## JSH: Magidin, Galois Theory, credibility

One of the more annoying things I faced months ago were assertions from Arturo Magidin that he'd used Galois Theory to prove that with

2x^3 - 3x - 2 = (a1 x + b1)(a2 x + b2)(a3 x + b3)

two of the a's couldn't have a factor of sqrt(2).

So I argued with him, and there were two threads that went over 200 posts I think it was, and I decided that was getting nowhere.

This time he's left Galois Theory out and I'm not surprised.

But just so he doesn't try to bring it back in, I can focus on

x^3 + 3x - 2

so that he has less room to confuse and note that only one of its roots is not coprime to 2.

Now I can prove that, while mathematicians don't have the techniques, unless they use mine, to tell you anything about distribution.

That's because Galois Theory can't distinguish between the roots.

Now sure you can give the roots with a lot of operators, which doesn't tell you anything. Believe me, I know as most of my mistakes in posts have been in trying to find some neat trick to break through Galois Theory with conventional techniques.

And you can't.

So now that I know I can't do it using Galois Theory or anything conventional, then I know that Magidin can't either, and his past statements were false.

How I manage to get through though is actually simple and an analogy comes quickly.

Consider if you were looking for factors of 3 in algebraic integers, having just been told the intriguing fact that 3 is not prime in that ring, when before you'd just been playing around with integers.

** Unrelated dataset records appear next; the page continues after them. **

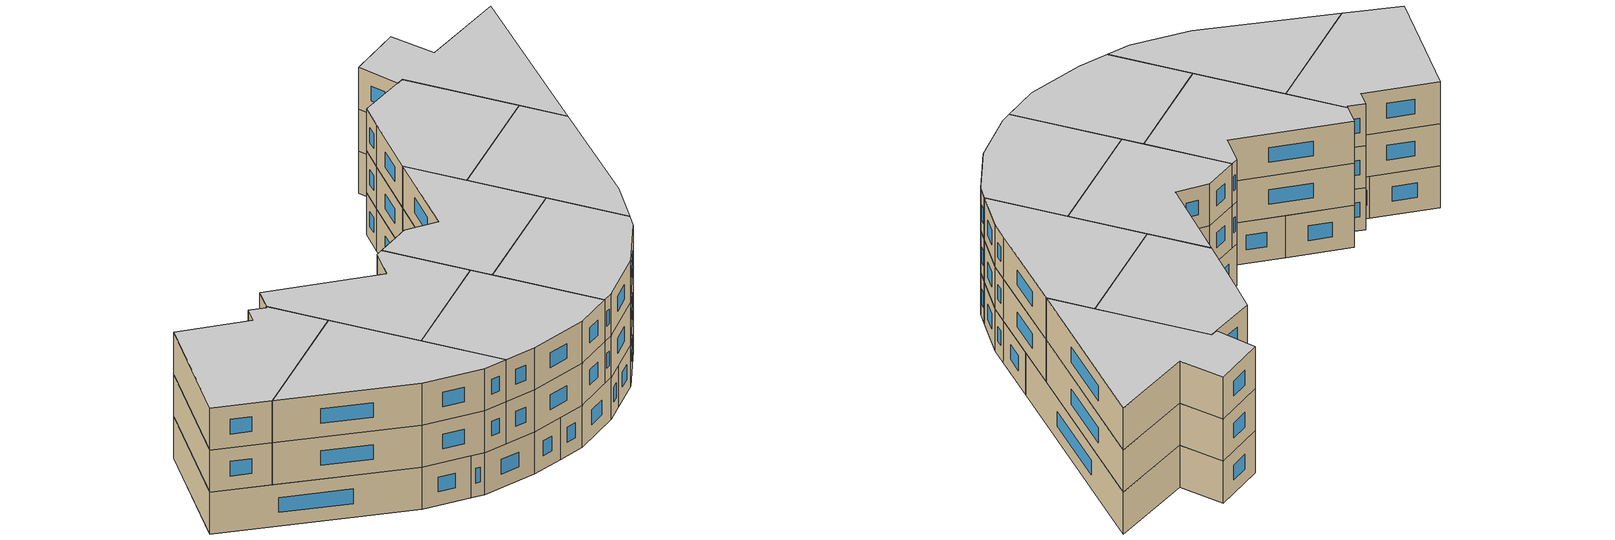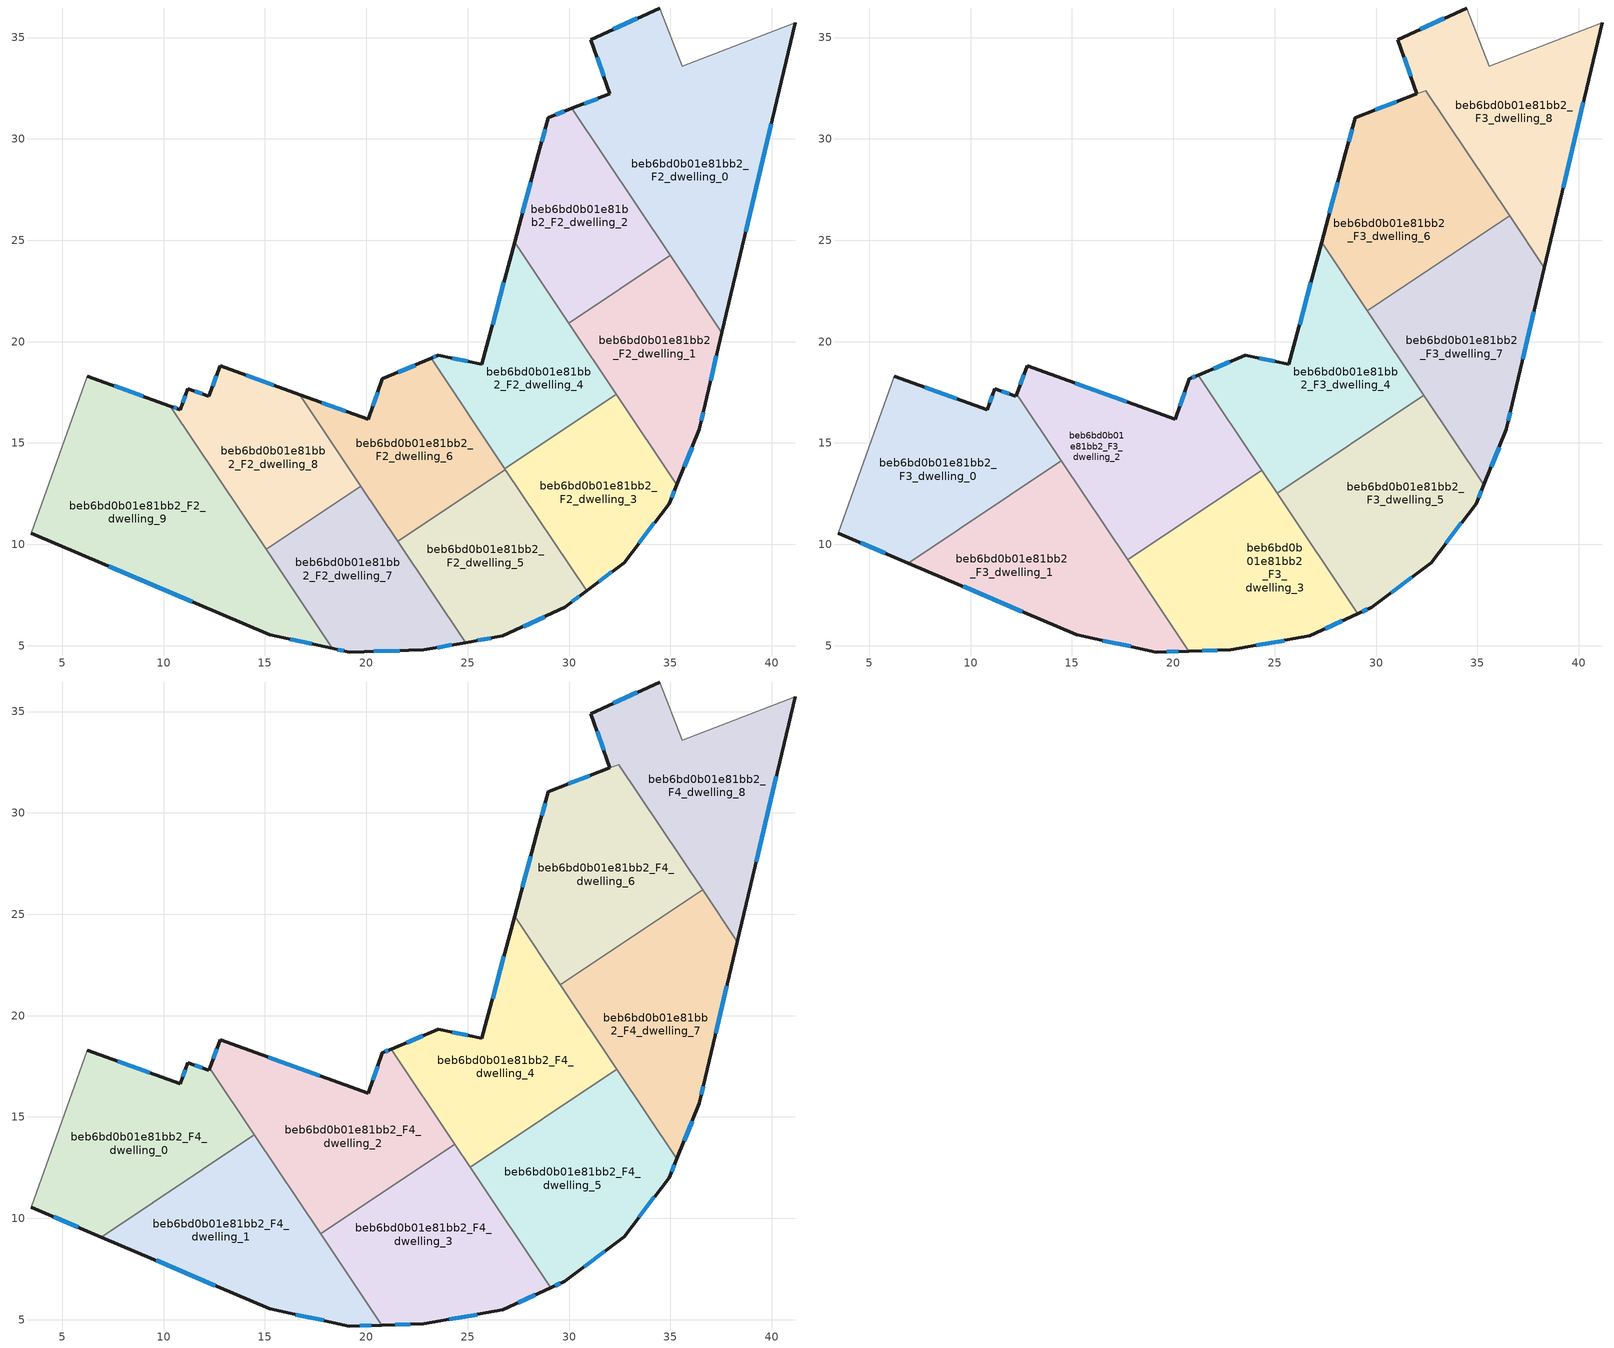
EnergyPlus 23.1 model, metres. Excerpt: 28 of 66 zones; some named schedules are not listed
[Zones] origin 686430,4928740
beb6bd0b01e81bb2_F2_dwelling_0
 floor to beb6bd0b01e81bb2_F1_dwelling_0 (EU_floor_Construction): 41.17,35.74 37.54,20.43 30.14,31.5 32.02,32.22 31.08,34.9 34.48,36.46 35.6,33.6 z6
 wall outside (EU_wall_Construction): 37.54,20.43 41.17,35.74 / 34.48,36.46 31.08,34.9 32.02,32.22 30.14,31.5 z6:9
 wall adiabatic (EU_wall_Construction): 41.17,35.74 35.6,33.6 34.48,36.46 z6:9
 wall to beb6bd0b01e81bb2_F2_dwelling_2 (EU_wall_Construction): 30.14,31.5 34.98,24.26 z6:9
 wall to beb6bd0b01e81bb2_F2_dwelling_1 (EU_wall_Construction): 34.98,24.26 37.54,20.43 z6:9
 window (EU_Window_Construction): 38.72,25.41 39.99,30.76 / 31.41,31.99 30.75,31.74 / 31.39,34.03 31.71,33.09 / 33.37,35.95 32.19,35.41 z6.98:8.02
beb6bd0b01e81bb2_F2_dwelling_1
 floor to beb6bd0b01e81bb2_F1_dwelling_1 (EU_floor_Construction): 34.98,24.26 37.54,20.43 36.71,16.94 36.44,15.68 35.31,12.93 29.98,20.92 z6
 wall outside (EU_wall_Construction): 35.31,12.93 36.44,15.68 36.71,16.94 37.54,20.43 z6:9
 wall to beb6bd0b01e81bb2_F2_dwelling_2 (EU_wall_Construction): 34.98,24.26 29.98,20.92 z6:9
 wall to beb6bd0b01e81bb2_F2_dwelling_3 (EU_wall_Construction): 32.33,17.39 35.31,12.93 z6:9
 wall to beb6bd0b01e81bb2_F2_dwelling_4 (EU_wall_Construction): 29.98,20.92 32.33,17.39 z6:9
 window (EU_Window_Construction): 36.98,18.07 37.27,19.3 / 36.53,16.09 36.62,16.53 / 35.68,13.82 36.07,14.78 z6.98:8.02
beb6bd0b01e81bb2_F2_dwelling_2
 floor to beb6bd0b01e81bb2_F1_dwelling_2 (EU_floor_Construction): 30.14,31.5 34.98,24.26 29.98,20.92 27.31,24.9 28.48,29.28 28.97,31.05 z6
 wall outside (EU_wall_Construction): 30.14,31.5 28.97,31.05 28.48,29.28 27.31,24.9 z6:9
 wall to beb6bd0b01e81bb2_F2_dwelling_4 (EU_wall_Construction): 27.31,24.9 29.98,20.92 z6:9
 window (EU_Window_Construction): 29.76,31.36 29.36,31.2 / 28.1,27.85 27.7,26.32 / 28.82,30.48 28.64,29.85 z6.98:8.02
beb6bd0b01e81bb2_F2_dwelling_3
 floor to beb6bd0b01e81bb2_F1_dwelling_3 (EU_floor_Construction): 32.33,17.39 35.31,12.93 34.94,12.01 32.72,9.1 30.86,7.7 26.84,13.72 z6
 wall outside (EU_wall_Construction): 30.86,7.7 32.72,9.1 34.94,12.01 35.31,12.93 z6:9
 wall to beb6bd0b01e81bb2_F2_dwelling_4 (EU_wall_Construction): 32.33,17.39 26.84,13.72 z6:9
 wall to beb6bd0b01e81bb2_F2_dwelling_5 (EU_wall_Construction): 26.86,13.68 30.86,7.7 z6:9
 wall to beb6bd0b01e81bb2_F2_dwelling_6 (EU_wall_Construction): 26.84,13.72 26.86,13.68 z6:9
 window (EU_Window_Construction): 35.06,12.31 35.19,12.63 / 33.44,10.04 34.22,11.06 / 31.47,8.15 32.12,8.64 z6.98:8.02
beb6bd0b01e81bb2_F2_dwelling_4
 floor to beb6bd0b01e81bb2_F1_dwelling_4 (EU_floor_Construction): 27.31,24.9 32.33,17.39 26.84,13.72 23.2,19.17 23.55,19.32 25.7,18.88 z6
 wall outside (EU_wall_Construction): 27.31,24.9 25.7,18.88 23.55,19.32 23.2,19.17 z6:9
 wall to beb6bd0b01e81bb2_F2_dwelling_6 (EU_wall_Construction): 23.2,19.17 26.84,13.72 z6:9
 window (EU_Window_Construction): 26.79,22.94 26.23,20.83 / 23.43,19.27 23.31,19.22 / 25,19.02 24.25,19.17 z6.98:8.02
beb6bd0b01e81bb2_F2_dwelling_5
 floor to beb6bd0b01e81bb2_F1_dwelling_5 (EU_floor_Construction): 26.86,13.68 30.86,7.7 29.8,6.9 26.73,5.48 24.9,5.15 21.56,10.14 z6
 wall outside (EU_wall_Construction): 24.9,5.15 26.73,5.48 29.8,6.9 30.86,7.7 z6:9
 wall to beb6bd0b01e81bb2_F2_dwelling_6 (EU_wall_Construction): 26.86,13.68 21.56,10.14 z6:9
 wall to beb6bd0b01e81bb2_F2_dwelling_7 (EU_wall_Construction): 21.56,10.14 24.9,5.15 z6:9
 window (EU_Window_Construction): 30.14,7.16 30.52,7.44 / 27.73,5.94 28.8,6.43 / 25.49,5.26 26.14,5.37 z6.98:8.02
beb6bd0b01e81bb2_F2_dwelling_6
 floor to beb6bd0b01e81bb2_F1_dwelling_6 (EU_floor_Construction): 23.2,19.17 26.86,13.68 21.56,10.14 16.72,17.39 20.08,16.17 20.8,18.16 z6
 wall outside (EU_wall_Construction): 23.2,19.17 20.8,18.16 20.08,16.17 16.72,17.39 z6:9
 wall to beb6bd0b01e81bb2_F2_dwelling_8 (EU_wall_Construction): 16.72,17.39 19.74,12.87 z6:9
 wall to beb6bd0b01e81bb2_F2_dwelling_7 (EU_wall_Construction): 19.74,12.87 21.56,10.14 z6:9
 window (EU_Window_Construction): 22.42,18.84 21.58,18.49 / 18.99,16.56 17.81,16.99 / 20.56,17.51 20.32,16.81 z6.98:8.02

Now you want to look at a factor of 3. Well you can introduce the variable x, and use the polynomial

x^2 + 2x + 1 = 3

so now you have

x^2 + 2x - 2 = 0,

and can solve for x and plug a solution into the factorization

(x+1)(x+1) = 3

and then you can look at factors of 3.

So to look at factors in something like x^3 + 3x - 2, I introduce an additional variable that I call "m", so that I can factor the polynomial which is a step beyond, and I know it blows the minds of many of you. But the mathematical logic is direct. And Magidin's claims that "m" must be some kind of constant as if that changes anything don't matter anymore with my argument than they would with my
example above. Sure, x there can be considered to be a constant, with a particular x solution, but it's also a variable, and I can still factor x^2 + 2x + 1.

Now that analogy is direct, and I found myself fascinated that any of you would believe Magidin making a variable is not a variable argument, but I guessed you just wanted to believe.

So, I'm using advanced mathematics that has concepts just a slight step beyond what you're used to seeing. Which puts me in the position that others have been in, like those who had to argue about sqrt(-1), and convince people that it wasn't imaginary. The name still stuck though.

[A reply to Arturo Magidin, who raised objections to James' ideas and added “I shall await your replies”.]

Well, you're going to be waiting a while.

Come on Magidin, it's not as if I haven't told you that I post for a purpose.

Now all I have to do is get my paper complete, and send it to a journal.

I post drafts as usual and you can comment on those drafts, but there's no way I'm going to read through a ton of stuff.

So if you don't make very succinct replies then I'm not going to bother reading through your posts.

Don't overrate your importance. As far as I'm concerned your distinguishing characteristic is a fascinating ability to convince others of false math.

It's not as if you've added much. You've just often been very confusing.

Why don't you take a break? I could be throwing up threads for a while and replying to myself quite a bit. Though I think I finally got the gist of it down.